06:42 AM EDT, 03/17/2025 (MT Newswires) -- Sterling (GBP) has outperformed alongside other European currencies this month benefitting from the "significant" improvement in investor sentiment towards the region, said MUFG.
It has helped to lift cable back up towards the 1.3000 level for the first time since last year's United States election, wrote the bank in a note to clients. In contrast, sterling has weakened modestly against the euro (EUR) lifting EUR/GBP back above the 0.8400 level for the second time this year.
The euro is expected to benefit more than sterling from Germany's plans for looser fiscal policy, stated MUFG. The last time EUR/GBP rose above 0.8400 in January it was driven more by negative sentiment towards the pound reflecting concerns over UK government debt.
Market participants now expect monetary policies between the European Central Bank and Bank of England to diverge less going forward which has helped to narrow yield spreads in favor of a stronger euro, pointed out MUFG.
At the ECB's last policy meeting, it left the door open for further modest rate cuts with the policy rate now closer to the neutral estimate put forward by President Christine Lagarde between 1.75% and 2.25%.
Based on the bank's assumption that legislation will be passed on Tuesday to boost fiscal policy in Germany, it will ease pressure on the ECB to lower rates below neutral. The main risk to that view would be a much bigger hit to growth in Europe from U.S. President Donald Trump's upcoming plans for trade tariffs in early April.

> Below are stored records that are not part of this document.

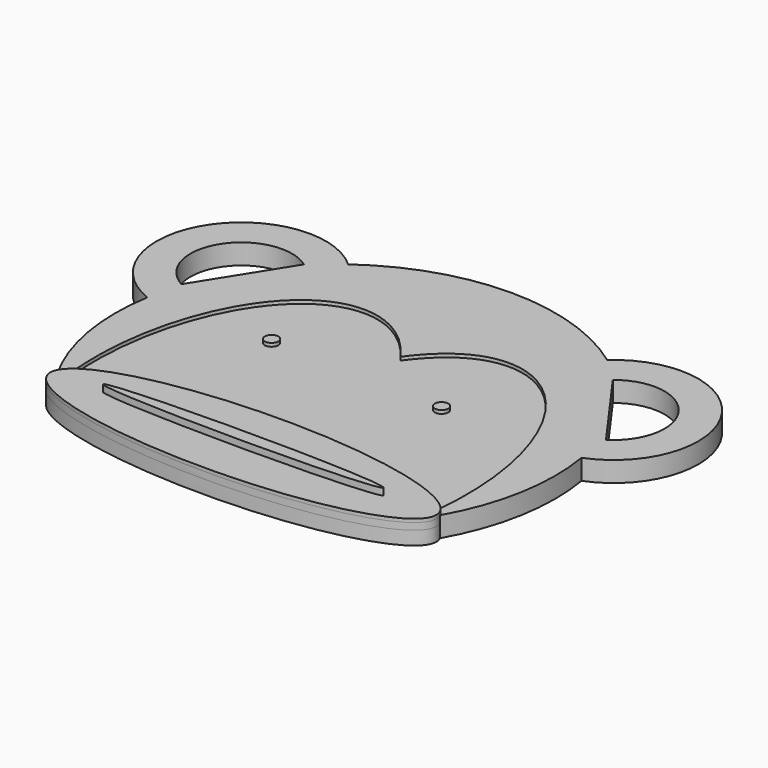
from build123d import *

# Parameters (mm, degrees)
F1_DEPTH = 1
F2_DEPTH = 1.5
F3_R     = 1
F4_DEPTH = 0.5
F6_DEPTH = 25
F8_DEPTH = 1
F9_DEPTH = 2


with BuildPart() as f1:
    # F0 (on Top) → F1 (new body)
    with BuildSketch(Plane.XY):
        with BuildLine():
            ThreePointArc((-19.1235008121, 26.278160451), (-38.1324321193, 23.5727762192), (-32.0550449903, 5.359486045))
            ThreePointArc((-32.0550449903, 5.359486045), (-32.0021823164, -5.6665974787), (-28.2657794627, -16.0404398744))
            add(Edge.make_bspline(
                [(28.2657794627, -16.0404398744), (25.0596180916, -9.5), (0, -9.5), (-25.0596180916, -9.5), (-28.2657794627, -16.0404398744)],
                knots=[0.1282929916, 0.1282929916, 0.1282929916, 1.5707963268, 1.5707963268, 3.013299662, 3.013299662, 3.013299662], degree=2, weights=[1, 0.75097981, 1, 0.75097981, 1]))
            ThreePointArc((28.2657794627, -16.0404398744), (32.0021823164, -5.6665974787), (32.0550449903, 5.359486045))
            ThreePointArc((32.0550449903, 5.359486045), (38.1324321193, 23.5727762192), (19.1235008121, 26.278160451))
            ThreePointArc((19.1235008121, 26.278160451), (0, 32.5), (-19.1235008121, 26.278160451))
        make_face()
        with BuildLine():
            add(Edge.make_bspline(
                [(28.2657794627, -16.0404398744), (25.0596180916, -9.5), (0, -9.5), (-25.0596180916, -9.5), (-28.2657794627, -16.0404398744)],
                knots=[0.1282929916, 0.1282929916, 0.1282929916, 1.5707963268, 1.5707963268, 3.013299662, 3.013299662, 3.013299662], degree=2, weights=[1, 0.75097981, 1, 0.75097981, 1]))
            add(Edge.make_bspline(
                [(-28.2657794627, -16.0404398744), (-32.1538432676, -23.9719332087), (-1.8269216338, -24.4845748919), (28.5, -24.9972165751), (28.5, -17)],
                knots=[3.013299662, 3.013299662, 3.013299662, 4.6482424846, 4.6482424846, 6.2831853072, 6.2831853072, 6.2831853072], degree=2, weights=[1, 0.6840677914, 1, 0.6840677914, 1]))
            add(Edge.make_bspline(
                [(28.5, -17), (28.5, -16.518240323), (28.2657794627, -16.0404398744)],
                knots=[0, 0, 0, 0.1282929916, 0.1282929916, 0.1282929916], degree=2, weights=[1, 0.9979433189, 1]))
        make_face()
    extrude(amount=F1_DEPTH)

    # F0 (on Top) → F2 (join)
    with BuildSketch(Plane.XY):
        with BuildLine():
            add(Edge.make_bspline(
                [(28.2657794627, -16.0404398744), (25.0596180916, -9.5), (0, -9.5), (-25.0596180916, -9.5), (-28.2657794627, -16.0404398744)],
                knots=[0.1282929916, 0.1282929916, 0.1282929916, 1.5707963268, 1.5707963268, 3.013299662, 3.013299662, 3.013299662], degree=2, weights=[1, 0.75097981, 1, 0.75097981, 1]))
            add(Edge.make_bspline(
                [(-28.2657794627, -16.0404398744), (-32.1538432676, -23.9719332087), (-1.8269216338, -24.4845748919), (28.5, -24.9972165751), (28.5, -17)],
                knots=[3.013299662, 3.013299662, 3.013299662, 4.6482424846, 4.6482424846, 6.2831853072, 6.2831853072, 6.2831853072], degree=2, weights=[1, 0.6840677914, 1, 0.6840677914, 1]))
            add(Edge.make_bspline(
                [(28.5, -17), (28.5, -16.518240323), (28.2657794627, -16.0404398744)],
                knots=[0, 0, 0, 0.1282929916, 0.1282929916, 0.1282929916], degree=2, weights=[1, 0.9979433189, 1]))
        make_face()
    extrude(amount=F2_DEPTH)

    # F3 (on face) → F4 (cut)
    with BuildSketch(Plane.XY.offset(1)):
        with BuildLine():
            add(Edge.make_bspline(
                [(27.2298485398, -14.785946603), (34.6781532449, 61.4301931961), (0, 12)],
                knots=[4.5465331149, 4.5465331149, 4.5465331149, 6.9772320681, 6.9772320681, 6.9772320681], degree=2, weights=[1, 0.348009318, 1]))
            add(Edge.make_bspline(
                [(0, 12), (-34.6781532449, 61.4301931961), (-27.2298485398, -14.785946603)],
                knots=[5.5891385462, 5.5891385462, 5.5891385462, 8.0198374994, 8.0198374994, 8.0198374994], degree=2, weights=[1, 0.348009318, 1]))
            add(Edge.make_bspline(
                [(-27.2298485438, -14.7859465983), (-27.1235005909, -14.6953694452), (-27.0148324256, -14.6074553179), (-26.9041242662, -14.5220377708), (-26.7916116729, -14.4389689728), (-26.6774911689, -14.3581129382), (-26.5619238942, -14.2793410628), (-26.4450372953, -14.2025299637), (-26.1154259475, -13.9933190312), (-25.9001007444, -13.8650502344), (-25.6815764788, -13.7421154762), (-25.4603422242, -13.6240265652), (-25.2367872003, -13.5103782123), (-25.0112167389, -13.4008190797), (-24.7838582265, -13.2950409799), (-24.1815269893, -13.0260138383), (-23.8039763572, -12.8686274032), (-23.4229953928, -12.7194286319), (-23.0391676676, -12.5775726359), (-22.6529452943, -12.442384814), (-22.2646725462, -12.3132991432), (-21.8745928745, -12.1898396478), (-21.0075231865, -11.9280985148), (-20.5298402909, -11.7923034154), (-20.0501673244, -11.6634792789), (-19.5687883822, -11.5410606749), (-19.0859317536, -11.4245881786), (-18.6017794799, -11.3136725414), (-18.1164723782, -11.2079754108), (-16.5759163532, -10.8887891981), (-15.5169354155, -10.6935580552), (-14.4542494004, -10.5185387591), (-13.3886584475, -10.3618210579), (-12.3207818781, -10.2219317761), (-11.2510694701, -10.0977602294), (-10.1798249497, -9.9884221743), (-7.9905872411, -9.7941373106), (-6.872614176, -9.7103865584), (-5.7535809166, -9.6412114374), (-4.6337472088, -9.586067236), (-3.5133459581, -9.5445749391), (-2.3925855443, -9.5164852067), (-1.2716508776, -9.5016647144), (-0.0658567051, -9.4999867866), (0.0188272492, -9.4999449156), (0.103506139, -9.4999785093), (0.1882859732, -9.5000876991), (0.273221364, -9.500273079), (0.358315594, -9.5005353037), (0.4435206851, -9.5008746872), (1.9146357736, -9.5080581365), (3.300394752, -9.5351034815), (4.6857535149, -9.5824945952), (6.0703729366, -9.6505743409), (7.4538305978, -9.7399869052), (8.8356188507, -9.8516936697), (10.215135598, -9.987094422), (12.2470780769, -10.2251595717), (12.9017942823, -10.3078129902), (13.5557282033, -10.3965638624), (14.2087777108, -10.491687712), (14.8608158428, -10.5935051159), (15.5116886245, -10.7023952032), (16.1612112004, -10.8188191074), (17.3779682579, -11.0526761832), (17.9455245563, -11.1682417081), (18.5117085891, -11.2904454713), (19.0763384267, -11.419745162), (19.6391657791, -11.5566868167), (20.1998710662, -11.7019244141), (20.7580501445, -11.8562724484), (21.6401455013, -12.1177532327), (21.9660283027, -12.2182108793), (22.2907322232, -12.322429107), (22.6141230493, -12.430665212), (22.9360300506, -12.5432111617), (23.2562413481, -12.6604065516), (23.5744953864, -12.7826620273), (24.1535181548, -13.0169134178), (24.4149432173, -13.1271804164), (24.6745873797, -13.2416031142), (24.9322211673, -13.3605257562), (25.187532615, -13.4843455592), (25.4401209542, -13.613525357), (25.6894788059, -13.748629127), (26.1059183514, -13.9891577643), (26.2747150273, -14.0909802774), (26.4413094594, -14.1962143234), (26.6055249122, -14.3052048432), (26.7670432139, -14.418298237), (26.9253904774, -14.5358566012), (27.0799325858, -14.6582621601), (27.2298485569, -14.7859465829)],
                knots=[0.0277398129, 0.0277398129, 0.0277398129, 0.0277398129, 0.0277398129, 0.0277398129, 0.0277398129, 0.0277398129, 0.0277398129, 0.046627634, 0.046627634, 0.046627634, 0.046627634, 0.046627634, 0.046627634, 0.046627634, 0.080449246, 0.080449246, 0.080449246, 0.080449246, 0.080449246, 0.080449246, 0.080449246, 0.1355918365, 0.1355918365, 0.1355918365, 0.1355918365, 0.1355918365, 0.1355918365, 0.1355918365, 0.202503631, 0.202503631, 0.202503631, 0.202503631, 0.202503631, 0.202503631, 0.202503631, 0.3475356161, 0.3475356161, 0.3475356161, 0.3475356161, 0.3475356161, 0.3475356161, 0.3475356161, 0.4985180369, 0.4985180369, 0.4985180369, 0.4985180369, 0.4985180369, 0.4985180369, 0.4985180369, 0.5099461608, 0.5099461608, 0.5099461608, 0.5099461608, 0.5099461608, 0.5099461608, 0.5099461608, 0.695804126, 0.695804126, 0.695804126, 0.695804126, 0.695804126, 0.695804126, 0.695804126, 0.7842990266, 0.7842990266, 0.7842990266, 0.7842990266, 0.7842990266, 0.7842990266, 0.7842990266, 0.8619845652, 0.8619845652, 0.8619845652, 0.8619845652, 0.8619845652, 0.8619845652, 0.8619845652, 0.9077400087, 0.9077400087, 0.9077400087, 0.9077400087, 0.9077400087, 0.9077400087, 0.9077400087, 0.9458317068, 0.9458317068, 0.9458317068, 0.9458317068, 0.9458317068, 0.9458317068, 0.9458317068, 0.972362644, 0.972362644, 0.972362644, 0.972362644, 0.972362644, 0.972362644, 0.972362644, 0.972362644, 0.972362644], degree=8))
        make_face()
        with Locations((-14.3968807533, 6.2048500404)):
            Circle(F3_R, mode=Mode.SUBTRACT)
        with Locations((11.3892154768, 5.359486045)):
            Circle(F3_R, mode=Mode.SUBTRACT)
    extrude(amount=-F4_DEPTH, mode=Mode.SUBTRACT)

    # F5 (on face) → F6 (cut)
    with BuildSketch(Plane.XY.offset(1)):
        with BuildLine():
            Line((-31.0509426966, 10.3938811723), (-23.101764943, 23.074992048))
            ThreePointArc((-23.101764943, 23.074992048), (-33.8546927027, 20.9834508474), (-31.0509426966, 10.3938811723))
        make_face()
        with BuildLine():
            ThreePointArc((31.4558537042, 10.6280912224), (33.5940096319, 21.3718470474), (22.7316116782, 22.788995838))
            Line((22.7316116782, 22.788995838), (31.4558537042, 10.6280912224))
        make_face()
    extrude(amount=-F6_DEPTH, mode=Mode.SUBTRACT)

    # F7 (on face) → F8 (join)
    with BuildSketch(Plane.XY.offset(1.5)):
        with BuildLine():
            add(Edge.make_bspline(
                [(-20.6742249429, -17), (-20.6742249429, -18.7320508076), (10.3371124715, -17.8660254038), (41.3484498858, -17), (10.3371124715, -16.1339745962), (-20.6742249429, -15.2679491924), (-20.6742249429, -17)],
                knots=[0, 0, 0, 2.0943951024, 2.0943951024, 4.1887902048, 4.1887902048, 6.2831853072, 6.2831853072, 6.2831853072], degree=2, weights=[1, 0.5, 1, 0.5, 1, 0.5, 1]))
        make_face()
    extrude(amount=F8_DEPTH)

    # F9 (add): a face of the model
    f9_faces = [f1.faces().sort_by_distance(p)[0] for p in [
        (0.0027966544, 4.1583376267, 0),
    ]]
    extrude(f9_faces, amount=F9_DEPTH)


solid = f1.part

The European Union's decision to quickly retaliate by imposing tariff hikes from next month on 26 billion euros of U.S. imports in response to U.S. tariff hikes on steel and aluminum imports has angered President Trump, and he has since threatened to impose 200% tariffs on over $10 billion of alcohol imports from the EU.
In contrast, the Trump administration has praised the United Kingdom government for its decision not to retaliate. It will further encourage market expectations that the U.K. economy won't be hit as hard by further tariff hikes in the coming months.
Market expectations for BoE policy have recently been relatively more stable than for the ECB, according to MUFG. The U.K. rate market is still expecting the BoE to stick to the current quarterly pace of rate cuts by delivering the next rate cut in May -- 19bps of cuts priced in -- and then again in August -- 44bps of cuts priced in. However, there is less confidence that rates will fall further below 4.00% by the end of this year.
It's helping to keep yields in the U.K. at higher levels than on offer in other major economies providing support for the GBP, added the bank. The BoE holds its latest policy meeting on Thursday. Ahead of that meeting, U.K. economic data has been improving except for Friday's softer UK gross domestic product report for January.
Overall it points to strengthening growth momentum since late year. At the same time, the slowdown in services inflation and wage growth remains frustratingly slow.
It will become more uncomfortable for the BoE to keep cutting rates heading into the summer when inflation is expected to temporarily pick up towards 4.0%.
Overall, sterling remains "attractive," noted MUFG. A deeper sell-off for global equity markets that undermines financial stability poses the main downside risk for sterling.